──────── ENTRIES PROVIDED
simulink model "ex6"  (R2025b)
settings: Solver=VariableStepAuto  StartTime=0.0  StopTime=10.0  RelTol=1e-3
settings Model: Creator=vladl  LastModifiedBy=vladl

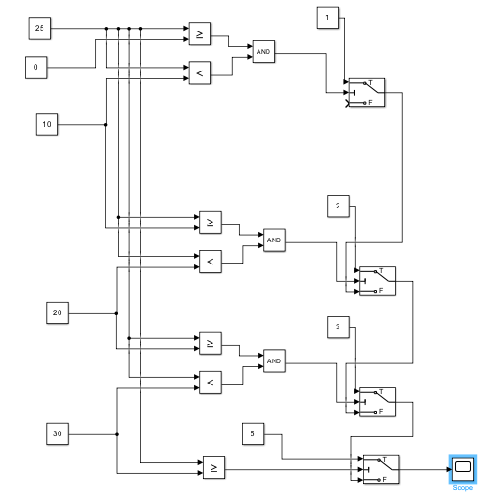
[thumbnail: Simulink's stored preview of the top-level diagram]
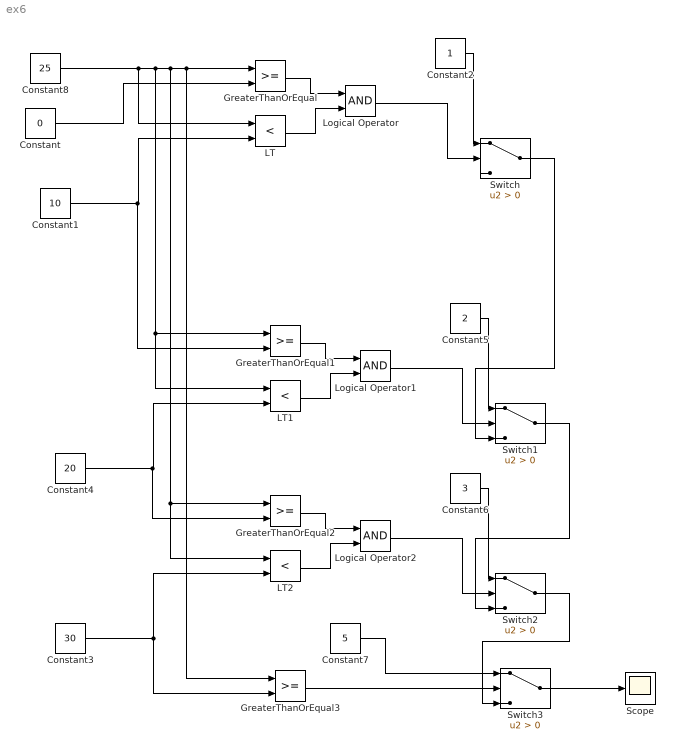
== system ex6 ==
  Constant : Constant  Value=0
  Constant1 : Constant  Value=10
  Constant2 : Constant
  Constant3 : Constant  Value=30
  Constant4 : Constant  Value=20
  Constant5 : Constant  Value=2
  Constant6 : Constant  Value=3
  Constant7 : Constant  Value=5
  Constant8 : Constant  Value=25
  GreaterThanOrEqual{,1..3} (4 alike) : RelationalOperator  OutDataTypeStr=boolean  RndMeth=Simplest  InputSameDT=off
  LT : RelationalOperator  Operator=<  OutDataTypeStr=boolean  RndMeth=Simplest  InputSameDT=off
  LT1 : RelationalOperator  Operator=<  OutDataTypeStr=boolean  RndMeth=Simplest  InputSameDT=off
  LT2 : RelationalOperator  Operator=<  OutDataTypeStr=boolean  RndMeth=Simplest  InputSameDT=off
  Logical Operator : Logic  AllPortsSameDT=off  OutDataTypeStr=boolean
  Logical Operator1 : Logic  AllPortsSameDT=off  OutDataTypeStr=boolean
  Logical Operator2 : Logic  AllPortsSameDT=off  OutDataTypeStr=boolean
  Scope : Scope
      settings: ActiveDisplayYMinimum=2  ActiveDisplayYMaximum=4
  Switch{,1..3} (4 alike) : Switch  Criteria=u2 > Threshold  SaturateOnIntegerOverflow=off  InputSameDT=off
  wires:
  Constant8/1 -> LT/1, LT1/1, GreaterThanOrEqual1/1, LT2/1, GreaterThanOrEqual2/1, GreaterThanOrEqual3/1, GreaterThanOrEqual/1
  Constant/1 -> GreaterThanOrEqual/2
  Constant1/1 -> GreaterThanOrEqual1/2, LT/2
  GreaterThanOrEqual/1 -> Logical Operator/1
  LT/1 -> Logical Operator/2
  Logical Operator/1 -> Switch/2
  Constant2/1 -> Switch/1
  Constant5/1 -> Switch1/1
  Constant4/1 -> GreaterThanOrEqual2/2, LT1/2
  GreaterThanOrEqual1/1 -> Logical Operator1/1
  LT1/1 -> Logical Operator1/2
  Logical Operator1/1 -> Switch1/2
  Logical Operator2/1 -> Switch2/2
  Constant3/1 -> GreaterThanOrEqual3/2, LT2/2
  GreaterThanOrEqual2/1 -> Logical Operator2/1
  LT2/1 -> Logical Operator2/2
  Constant6/1 -> Switch2/1
  GreaterThanOrEqual3/1 -> Switch3/2
  Constant7/1 -> Switch3/1
  Switch3/1 -> Scope/1
  Switch/1 -> Switch1/3
  Switch1/1 -> Switch2/3
  Switch2/1 -> Switch3/3
────────────────
## [YOUR ASSIGNMENT]
Could you set down exactly the lines above, from the one containing "Constant3/1 -> GreaterThanOrEqual3/2, LT2/2" through the last, including both and nothing else?

## [ANSWER SPACE]
  Constant3/1 -> GreaterThanOrEqual3/2, LT2/2
  GreaterThanOrEqual2/1 -> Logical Operator2/1
  LT2/1 -> Logical Operator2/2
  Constant6/1 -> Switch2/1
  GreaterThanOrEqual3/1 -> Switch3/2
  Constant7/1 -> Switch3/1
  Switch3/1 -> Scope/1
  Switch/1 -> Switch1/3
  Switch1/1 -> Switch2/3
  Switch2/1 -> Switch3/3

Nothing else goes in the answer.